*BRIEF*: Reproduce exactly, from the data that follows, the line with "#280=VECTOR('',#279,1.);", the line with "#285=EDGE_CURVE('E382',#131,#284,#282,.T.);", and every line that lies between them.

*DATA TO USE*:

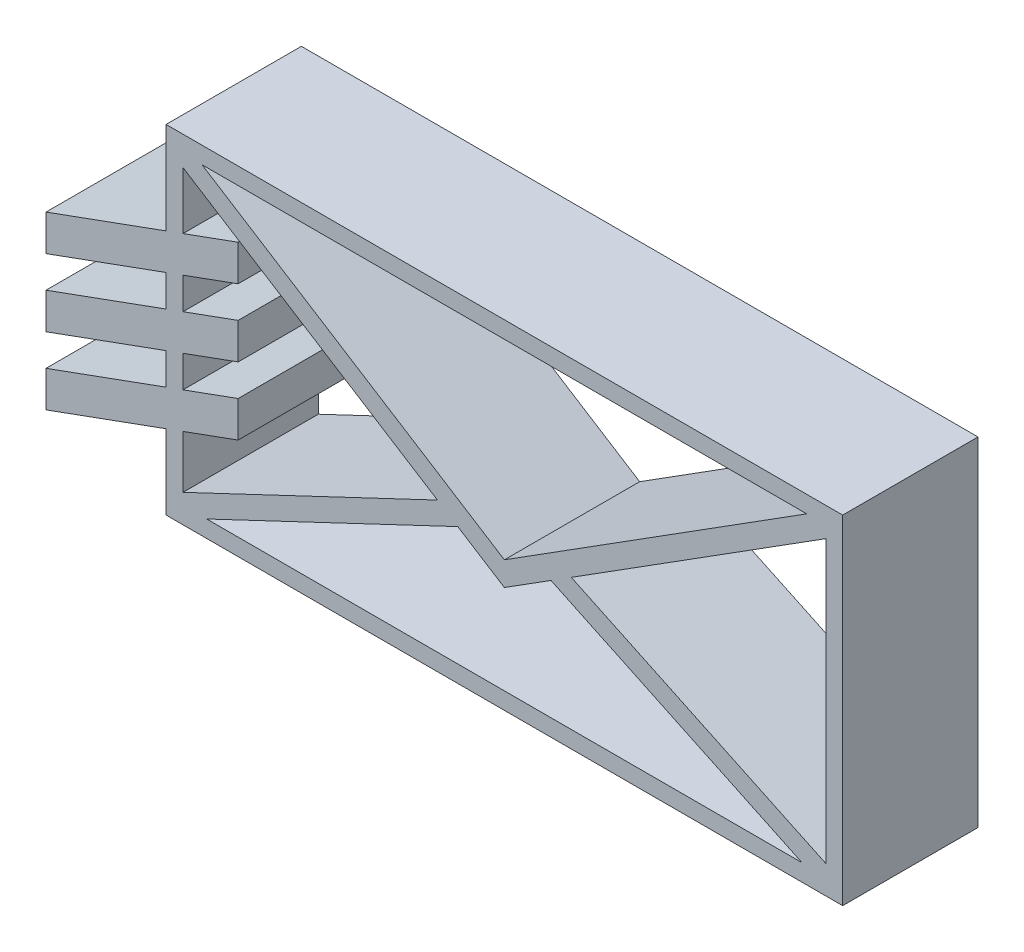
ISO-10303-21;
HEADER;
FILE_DESCRIPTION(('STEP AP214'),'2;1');
FILE_NAME('part.step','',(''),(''),'','','');
FILE_SCHEMA(('AUTOMOTIVE_DESIGN { 1 0 10303 214 1 1 1 1 }'));
ENDSEC;
DATA;
#1=APPLICATION_CONTEXT('core data for automotive mechanical design processes');
#2=APPLICATION_PROTOCOL_DEFINITION('international standard','automotive_design',2000,#1);
#3=PRODUCT_CONTEXT('',#1,'mechanical');
#4=PRODUCT('Part','Part','',(#3));
#5=PRODUCT_RELATED_PRODUCT_CATEGORY('part','',(#4));
#6=PRODUCT_DEFINITION_FORMATION('','',#4);
#7=PRODUCT_DEFINITION_CONTEXT('part definition',#1,'design');
#8=PRODUCT_DEFINITION('design','',#6,#7);
#9=PRODUCT_DEFINITION_SHAPE('','',#8);
#10=(LENGTH_UNIT() NAMED_UNIT(*) SI_UNIT(.MILLI.,.METRE.));
#11=(NAMED_UNIT(*) PLANE_ANGLE_UNIT() SI_UNIT($,.RADIAN.));
#12=(NAMED_UNIT(*) SI_UNIT($,.STERADIAN.) SOLID_ANGLE_UNIT());
#13=UNCERTAINTY_MEASURE_WITH_UNIT(LENGTH_MEASURE(1.E-05),#10,'distance_accuracy_value','');
#14=(GEOMETRIC_REPRESENTATION_CONTEXT(3) GLOBAL_UNCERTAINTY_ASSIGNED_CONTEXT((#13)) GLOBAL_UNIT_ASSIGNED_CONTEXT((#10,
#11,#12)) REPRESENTATION_CONTEXT('',''));
#15=CARTESIAN_POINT('',(0.,0.,0.));
#16=DIRECTION('',(0.,0.,1.));
#17=DIRECTION('',(1.,0.,0.));
#18=AXIS2_PLACEMENT_3D('',#15,#16,#17);
#19=CARTESIAN_POINT('',(-5.,-2.49999999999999,2.));
#20=DIRECTION('',(1.,0.,0.));
#21=DIRECTION('',(0.,0.,-1.));
#22=AXIS2_PLACEMENT_3D('',#19,#20,#21);
#23=PLANE('',#22);
#24=DIRECTION('',(0.,-1.,0.));
#25=VECTOR('',#24,1.);
#26=CARTESIAN_POINT('',(-5.,-2.49999999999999,2.));
#27=LINE('',#26,#25);
#28=CARTESIAN_POINT('',(-5.,0.604817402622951,2.));
#29=VERTEX_POINT('',#28);
#30=CARTESIAN_POINT('',(-5.,0.136906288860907,2.));
#31=VERTEX_POINT('',#30);
#32=EDGE_CURVE('E561',#29,#31,#27,.T.);
#33=ORIENTED_EDGE('',*,*,#32,.F.);
#34=DIRECTION('',(0.,0.,-1.));
#35=VECTOR('',#34,1.);
#36=CARTESIAN_POINT('',(-5.,0.604817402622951,2.));
#37=LINE('',#36,#35);
#38=CARTESIAN_POINT('',(-5.,0.604817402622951,0.));
#39=VERTEX_POINT('',#38);
#40=EDGE_CURVE('E354',#29,#39,#37,.T.);
#41=ORIENTED_EDGE('',*,*,#40,.T.);
#42=DIRECTION('',(0.,-1.,0.));
#43=VECTOR('',#42,1.);
#44=CARTESIAN_POINT('',(-5.,-2.49999999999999,0.));
#45=LINE('',#44,#43);
#46=CARTESIAN_POINT('',(-5.,0.136906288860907,0.));
#47=VERTEX_POINT('',#46);
#48=EDGE_CURVE('E573',#39,#47,#45,.T.);
#49=ORIENTED_EDGE('',*,*,#48,.T.);
#50=DIRECTION('',(0.,0.,1.));
#51=VECTOR('',#50,1.);
#52=CARTESIAN_POINT('',(-5.,0.136906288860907,2.));
#53=LINE('',#52,#51);
#54=EDGE_CURVE('E387',#47,#31,#53,.T.);
#55=ORIENTED_EDGE('',*,*,#54,.T.);
#56=EDGE_LOOP('',(#33,#41,#49,#55));
#57=FACE_BOUND('',#56,.T.);
#58=ADVANCED_FACE('F33',(#57),#23,.F.);
#59=CARTESIAN_POINT('',(-4.75,-2.24999999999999,2.));
#60=DIRECTION('',(1.,0.,0.));
#61=DIRECTION('',(0.,1.,0.));
#62=AXIS2_PLACEMENT_3D('',#59,#60,#61);
#63=PLANE('',#62);
#64=DIRECTION('',(0.,0.,-1.));
#65=VECTOR('',#64,1.);
#66=CARTESIAN_POINT('',(-4.75,0.6958099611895,2.));
#67=LINE('',#66,#65);
#68=CARTESIAN_POINT('',(-4.75,0.6958099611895,2.));
#69=VERTEX_POINT('',#68);
#70=CARTESIAN_POINT('',(-4.75,0.6958099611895,0.));
#71=VERTEX_POINT('',#70);
#72=EDGE_CURVE('E11',#69,#71,#67,.T.);
#73=ORIENTED_EDGE('',*,*,#72,.F.);
#74=DIRECTION('',(0.,-1.,0.));
#75=VECTOR('',#74,1.);
#76=CARTESIAN_POINT('',(-4.75,-2.24999999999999,2.));
#77=LINE('',#76,#75);
#78=CARTESIAN_POINT('',(-4.75,0.227898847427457,2.));
#79=VERTEX_POINT('',#78);
#80=EDGE_CURVE('E545',#69,#79,#77,.T.);
#81=ORIENTED_EDGE('',*,*,#80,.T.);
#82=DIRECTION('',(0.,0.,1.));
#83=VECTOR('',#82,1.);
#84=CARTESIAN_POINT('',(-4.75,0.227898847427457,2.));
#85=LINE('',#84,#83);
#86=CARTESIAN_POINT('',(-4.75,0.227898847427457,0.));
#87=VERTEX_POINT('',#86);
#88=EDGE_CURVE('E596',#87,#79,#85,.T.);
#89=ORIENTED_EDGE('',*,*,#88,.F.);
#90=DIRECTION('',(0.,-1.,0.));
#91=VECTOR('',#90,1.);
#92=CARTESIAN_POINT('',(-4.75,-2.24999999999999,0.));
#93=LINE('',#92,#91);
#94=EDGE_CURVE('E556',#71,#87,#93,.T.);
#95=ORIENTED_EDGE('',*,*,#94,.F.);
#96=EDGE_LOOP('',(#73,#81,#89,#95));
#97=FACE_BOUND('',#96,.T.);
#98=ADVANCED_FACE('F612',(#97),#63,.T.);
#99=CARTESIAN_POINT('',(-5.,-0.395182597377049,2.));
#100=VERTEX_POINT('',#99);
#101=CARTESIAN_POINT('',(-5.,-0.863093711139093,2.));
#102=VERTEX_POINT('',#101);
#103=EDGE_CURVE('E691',#100,#102,#27,.T.);
#104=ORIENTED_EDGE('',*,*,#103,.F.);
#105=DIRECTION('',(0.,0.,-1.));
#106=VECTOR('',#105,1.);
#107=CARTESIAN_POINT('',(-5.,-0.395182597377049,2.));
#108=LINE('',#107,#106);
#109=CARTESIAN_POINT('',(-5.,-0.395182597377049,0.));
#110=VERTEX_POINT('',#109);
#111=EDGE_CURVE('E396',#100,#110,#108,.T.);
#112=ORIENTED_EDGE('',*,*,#111,.T.);
#113=CARTESIAN_POINT('',(-5.,-0.863093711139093,0.));
#114=VERTEX_POINT('',#113);
#115=EDGE_CURVE('E704',#110,#114,#45,.T.);
#116=ORIENTED_EDGE('',*,*,#115,.T.);
#117=DIRECTION('',(0.,0.,1.));
#118=VECTOR('',#117,1.);
#119=CARTESIAN_POINT('',(-5.,-0.863093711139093,2.));
#120=LINE('',#119,#118);
#121=EDGE_CURVE('E429',#114,#102,#120,.T.);
#122=ORIENTED_EDGE('',*,*,#121,.T.);
#123=EDGE_LOOP('',(#104,#112,#116,#122));
#124=FACE_BOUND('',#123,.T.);
#125=ADVANCED_FACE('F661',(#124),#23,.F.);
#126=DIRECTION('',(0.,0.,-1.));
#127=VECTOR('',#126,1.);
#128=CARTESIAN_POINT('',(-4.75,-0.304190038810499,2.));
#129=LINE('',#128,#127);
#130=CARTESIAN_POINT('',(-4.75,-0.304190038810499,2.));
#131=VERTEX_POINT('',#130);
#132=CARTESIAN_POINT('',(-4.75,-0.304190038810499,0.));
#133=VERTEX_POINT('',#132);
#134=EDGE_CURVE('E599',#131,#133,#129,.T.);
#135=ORIENTED_EDGE('',*,*,#134,.F.);
#136=CARTESIAN_POINT('',(-4.75,-0.772101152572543,2.));
#137=VERTEX_POINT('',#136);
#138=EDGE_CURVE('E629',#131,#137,#77,.T.);
#139=ORIENTED_EDGE('',*,*,#138,.T.);
#140=DIRECTION('',(0.,0.,1.));
#141=VECTOR('',#140,1.);
#142=CARTESIAN_POINT('',(-4.75,-0.772101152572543,2.));
#143=LINE('',#142,#141);
#144=CARTESIAN_POINT('',(-4.75,-0.772101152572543,0.));
#145=VERTEX_POINT('',#144);
#146=EDGE_CURVE('E590',#145,#137,#143,.T.);
#147=ORIENTED_EDGE('',*,*,#146,.F.);
#148=EDGE_CURVE('E611',#133,#145,#93,.T.);
#149=ORIENTED_EDGE('',*,*,#148,.F.);
#150=EDGE_LOOP('',(#135,#139,#147,#149));
#151=FACE_BOUND('',#150,.T.);
#152=ADVANCED_FACE('F628',(#151),#63,.T.);
#153=CARTESIAN_POINT('',(-5.,-1.39518259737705,2.));
#154=VERTEX_POINT('',#153);
#155=CARTESIAN_POINT('',(-5.,-2.49999999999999,2.));
#156=VERTEX_POINT('',#155);
#157=EDGE_CURVE('E562',#154,#156,#27,.T.);
#158=ORIENTED_EDGE('',*,*,#157,.F.);
#159=DIRECTION('',(0.,0.,-1.));
#160=VECTOR('',#159,1.);
#161=CARTESIAN_POINT('',(-5.,-1.39518259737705,2.));
#162=LINE('',#161,#160);
#163=CARTESIAN_POINT('',(-5.,-1.39518259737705,0.));
#164=VERTEX_POINT('',#163);
#165=EDGE_CURVE('E438',#154,#164,#162,.T.);
#166=ORIENTED_EDGE('',*,*,#165,.T.);
#167=CARTESIAN_POINT('',(-5.,-2.49999999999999,0.));
#168=VERTEX_POINT('',#167);
#169=EDGE_CURVE('E544',#164,#168,#45,.T.);
#170=ORIENTED_EDGE('',*,*,#169,.T.);
#171=DIRECTION('',(0.,0.,-1.));
#172=VECTOR('',#171,1.);
#173=CARTESIAN_POINT('',(-5.,-2.49999999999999,2.));
#174=LINE('',#173,#172);
#175=EDGE_CURVE('E587',#156,#168,#174,.T.);
#176=ORIENTED_EDGE('',*,*,#175,.F.);
#177=EDGE_LOOP('',(#158,#166,#170,#176));
#178=FACE_BOUND('',#177,.T.);
#179=ADVANCED_FACE('F663',(#178),#23,.F.);
#180=DIRECTION('',(0.,0.,-1.));
#181=VECTOR('',#180,1.);
#182=CARTESIAN_POINT('',(-4.75,-1.3041900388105,2.));
#183=LINE('',#182,#181);
#184=CARTESIAN_POINT('',(-4.75,-1.3041900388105,2.));
#185=VERTEX_POINT('',#184);
#186=CARTESIAN_POINT('',(-4.75,-1.3041900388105,0.));
#187=VERTEX_POINT('',#186);
#188=EDGE_CURVE('E593',#185,#187,#183,.T.);
#189=ORIENTED_EDGE('',*,*,#188,.F.);
#190=CARTESIAN_POINT('',(-4.75,-2.08402266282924,2.));
#191=VERTEX_POINT('',#190);
#192=EDGE_CURVE('E542',#185,#191,#77,.T.);
#193=ORIENTED_EDGE('',*,*,#192,.T.);
#194=DIRECTION('',(0.,0.,1.));
#195=VECTOR('',#194,1.);
#196=CARTESIAN_POINT('',(-4.75,-2.08402266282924,0.));
#197=LINE('',#196,#195);
#198=CARTESIAN_POINT('',(-4.75,-2.08402266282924,0.));
#199=VERTEX_POINT('',#198);
#200=EDGE_CURVE('E522',#199,#191,#197,.T.);
#201=ORIENTED_EDGE('',*,*,#200,.F.);
#202=EDGE_CURVE('E554',#187,#199,#93,.T.);
#203=ORIENTED_EDGE('',*,*,#202,.F.);
#204=EDGE_LOOP('',(#189,#193,#201,#203));
#205=FACE_BOUND('',#204,.T.);
#206=ADVANCED_FACE('F636',(#205),#63,.T.);
#207=CARTESIAN_POINT('',(-5.,2.50000000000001,2.));
#208=DIRECTION('',(0.,0.,1.));
#209=DIRECTION('',(1.,0.,0.));
#210=AXIS2_PLACEMENT_3D('',#207,#208,#209);
#211=PLANE('',#210);
#212=ORIENTED_EDGE('',*,*,#80,.F.);
#213=DIRECTION('',(0.939692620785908,0.342020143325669,0.));
#214=VECTOR('',#213,1.);
#215=CARTESIAN_POINT('',(-6.77468147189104,-0.0411138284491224,2.));
#216=LINE('',#215,#214);
#217=CARTESIAN_POINT('',(-3.93496596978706,0.992458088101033,2.));
#218=VERTEX_POINT('',#217);
#219=EDGE_CURVE('E333',#69,#218,#216,.T.);
#220=ORIENTED_EDGE('',*,*,#219,.T.);
#221=DIRECTION('',(0.,1.,0.));
#222=VECTOR('',#221,1.);
#223=CARTESIAN_POINT('',(-3.93496596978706,0.992458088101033,2.));
#224=LINE('',#223,#222);
#225=CARTESIAN_POINT('',(-3.93496596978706,1.52454697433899,2.));
#226=VERTEX_POINT('',#225);
#227=EDGE_CURVE('E340',#218,#226,#224,.T.);
#228=ORIENTED_EDGE('',*,*,#227,.T.);
#229=DIRECTION('',(-0.939692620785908,-0.342020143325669,0.));
#230=VECTOR('',#229,1.);
#231=CARTESIAN_POINT('',(-6.77468147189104,0.490975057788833,2.));
#232=LINE('',#231,#230);
#233=CARTESIAN_POINT('',(-4.75,1.22789884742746,2.));
#234=VERTEX_POINT('',#233);
#235=EDGE_CURVE('E308',#226,#234,#232,.T.);
#236=ORIENTED_EDGE('',*,*,#235,.T.);
#237=CARTESIAN_POINT('',(-4.75000000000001,2.07258785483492,2.));
#238=VERTEX_POINT('',#237);
#239=EDGE_CURVE('E56',#238,#234,#77,.T.);
#240=ORIENTED_EDGE('',*,*,#239,.F.);
#241=DIRECTION('',(0.845488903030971,-0.533992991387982,0.));
#242=VECTOR('',#241,1.);
#243=CARTESIAN_POINT('',(-0.989257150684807,-0.302618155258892,2.));
#244=LINE('',#243,#242);
#245=CARTESIAN_POINT('',(-0.989257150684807,-0.302618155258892,2.));
#246=VERTEX_POINT('',#245);
#247=EDGE_CURVE('E479',#238,#246,#244,.T.);
#248=ORIENTED_EDGE('',*,*,#247,.T.);
#249=DIRECTION('',(-0.903737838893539,-0.428086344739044,0.));
#250=VECTOR('',#249,1.);
#251=CARTESIAN_POINT('',(-0.989257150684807,-0.302618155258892,2.));
#252=LINE('',#251,#250);
#253=EDGE_CURVE('E482',#246,#191,#252,.T.);
#254=ORIENTED_EDGE('',*,*,#253,.T.);
#255=ORIENTED_EDGE('',*,*,#192,.F.);
#256=DIRECTION('',(0.939692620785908,0.342020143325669,0.));
#257=VECTOR('',#256,1.);
#258=CARTESIAN_POINT('',(-6.77468147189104,-2.04111382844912,2.));
#259=LINE('',#258,#257);
#260=CARTESIAN_POINT('',(-3.93496596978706,-1.00754191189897,2.));
#261=VERTEX_POINT('',#260);
#262=EDGE_CURVE('E424',#185,#261,#259,.T.);
#263=ORIENTED_EDGE('',*,*,#262,.T.);
#264=DIRECTION('',(0.,1.,0.));
#265=VECTOR('',#264,1.);
#266=CARTESIAN_POINT('',(-3.93496596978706,-1.00754191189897,2.));
#267=LINE('',#266,#265);
#268=CARTESIAN_POINT('',(-3.93496596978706,-0.475453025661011,2.));
#269=VERTEX_POINT('',#268);
#270=EDGE_CURVE('E399',#261,#269,#267,.T.);
#271=ORIENTED_EDGE('',*,*,#270,.T.);
#272=DIRECTION('',(-0.939692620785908,-0.342020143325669,0.));
#273=VECTOR('',#272,1.);
#274=CARTESIAN_POINT('',(-6.77468147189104,-1.50902494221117,2.));
#275=LINE('',#274,#273);
#276=EDGE_CURVE('E418',#269,#137,#275,.T.);
#277=ORIENTED_EDGE('',*,*,#276,.T.);
#278=ORIENTED_EDGE('',*,*,#138,.F.);
#279=DIRECTION('',(0.939692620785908,0.342020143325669,0.));
#280=VECTOR('',#279,1.);
#281=CARTESIAN_POINT('',(-6.77468147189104,-1.04111382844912,2.));
#282=LINE('',#281,#280);
#283=CARTESIAN_POINT('',(-3.93496596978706,-0.00754191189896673,2.));
#284=VERTEX_POINT('',#283);
#285=EDGE_CURVE('E382',#131,#284,#282,.T.);
#286=ORIENTED_EDGE('',*,*,#285,.T.);
#287=DIRECTION('',(0.,1.,0.));
#288=VECTOR('',#287,1.);
#289=CARTESIAN_POINT('',(-3.93496596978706,-0.00754191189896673,2.));
#290=LINE('',#289,#288);
#291=CARTESIAN_POINT('',(-3.93496596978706,0.524546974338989,2.));
#292=VERTEX_POINT('',#291);
#293=EDGE_CURVE('E357',#284,#292,#290,.T.);
#294=ORIENTED_EDGE('',*,*,#293,.T.);
#295=DIRECTION('',(-0.939692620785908,-0.342020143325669,0.));
#296=VECTOR('',#295,1.);
#297=CARTESIAN_POINT('',(-6.77468147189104,-0.509024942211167,2.));
#298=LINE('',#297,#296);
#299=EDGE_CURVE('E376',#292,#79,#298,.T.);
#300=ORIENTED_EDGE('',*,*,#299,.T.);
#301=EDGE_LOOP('',(#212,#220,#228,#236,#240,#248,#254,#255,#263,#271,#277,#278,#286,#294,#300));
#302=FACE_BOUND('',#301,.T.);
#303=CARTESIAN_POINT('',(-6.77468147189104,-0.0411138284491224,2.));
#304=VERTEX_POINT('',#303);
#305=EDGE_CURVE('E48',#304,#29,#216,.T.);
#306=ORIENTED_EDGE('',*,*,#305,.T.);
#307=ORIENTED_EDGE('',*,*,#32,.T.);
#308=CARTESIAN_POINT('',(-6.77468147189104,-0.509024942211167,2.));
#309=VERTEX_POINT('',#308);
#310=EDGE_CURVE('E375',#31,#309,#298,.T.);
#311=ORIENTED_EDGE('',*,*,#310,.T.);
#312=DIRECTION('',(0.,-1.,0.));
#313=VECTOR('',#312,1.);
#314=CARTESIAN_POINT('',(-6.77468147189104,-0.509024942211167,2.));
#315=LINE('',#314,#313);
#316=CARTESIAN_POINT('',(-6.77468147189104,-1.04111382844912,2.));
#317=VERTEX_POINT('',#316);
#318=EDGE_CURVE('E379',#309,#317,#315,.T.);
#319=ORIENTED_EDGE('',*,*,#318,.T.);
#320=EDGE_CURVE('E362',#317,#100,#282,.T.);
#321=ORIENTED_EDGE('',*,*,#320,.T.);
#322=ORIENTED_EDGE('',*,*,#103,.T.);
#323=CARTESIAN_POINT('',(-6.77468147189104,-1.50902494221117,2.));
#324=VERTEX_POINT('',#323);
#325=EDGE_CURVE('E417',#102,#324,#275,.T.);
#326=ORIENTED_EDGE('',*,*,#325,.T.);
#327=DIRECTION('',(0.,-1.,0.));
#328=VECTOR('',#327,1.);
#329=CARTESIAN_POINT('',(-6.77468147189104,-1.50902494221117,2.));
#330=LINE('',#329,#328);
#331=CARTESIAN_POINT('',(-6.77468147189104,-2.04111382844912,2.));
#332=VERTEX_POINT('',#331);
#333=EDGE_CURVE('E421',#324,#332,#330,.T.);
#334=ORIENTED_EDGE('',*,*,#333,.T.);
#335=EDGE_CURVE('E404',#332,#154,#259,.T.);
#336=ORIENTED_EDGE('',*,*,#335,.T.);
#337=ORIENTED_EDGE('',*,*,#157,.T.);
#338=DIRECTION('',(1.,0.,0.));
#339=VECTOR('',#338,1.);
#340=CARTESIAN_POINT('',(5.00000000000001,-2.49999999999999,2.));
#341=LINE('',#340,#339);
#342=CARTESIAN_POINT('',(5.00000000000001,-2.49999999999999,2.));
#343=VERTEX_POINT('',#342);
#344=EDGE_CURVE('E560',#156,#343,#341,.T.);
#345=ORIENTED_EDGE('',*,*,#344,.T.);
#346=DIRECTION('',(0.,1.,0.));
#347=VECTOR('',#346,1.);
#348=CARTESIAN_POINT('',(5.00000000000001,-2.49999999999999,2.));
#349=LINE('',#348,#347);
#350=CARTESIAN_POINT('',(5.00000000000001,2.50000000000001,2.));
#351=VERTEX_POINT('',#350);
#352=EDGE_CURVE('E564',#343,#351,#349,.T.);
#353=ORIENTED_EDGE('',*,*,#352,.T.);
#354=DIRECTION('',(-1.,0.,0.));
#355=VECTOR('',#354,1.);
#356=CARTESIAN_POINT('',(5.00000000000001,2.50000000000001,2.));
#357=LINE('',#356,#355);
#358=CARTESIAN_POINT('',(-5.,2.50000000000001,2.));
#359=VERTEX_POINT('',#358);
#360=EDGE_CURVE('E566',#351,#359,#357,.T.);
#361=ORIENTED_EDGE('',*,*,#360,.T.);
#362=CARTESIAN_POINT('',(-5.,1.13690628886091,2.));
#363=VERTEX_POINT('',#362);
#364=EDGE_CURVE('E557',#359,#363,#27,.T.);
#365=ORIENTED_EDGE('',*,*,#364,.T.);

*EXERCISE ANSWER*:
#280=VECTOR('',#279,1.);
#281=CARTESIAN_POINT('',(-6.77468147189104,-1.04111382844912,2.));
#282=LINE('',#281,#280);
#283=CARTESIAN_POINT('',(-3.93496596978706,-0.00754191189896673,2.));
#284=VERTEX_POINT('',#283);
#285=EDGE_CURVE('E382',#131,#284,#282,.T.);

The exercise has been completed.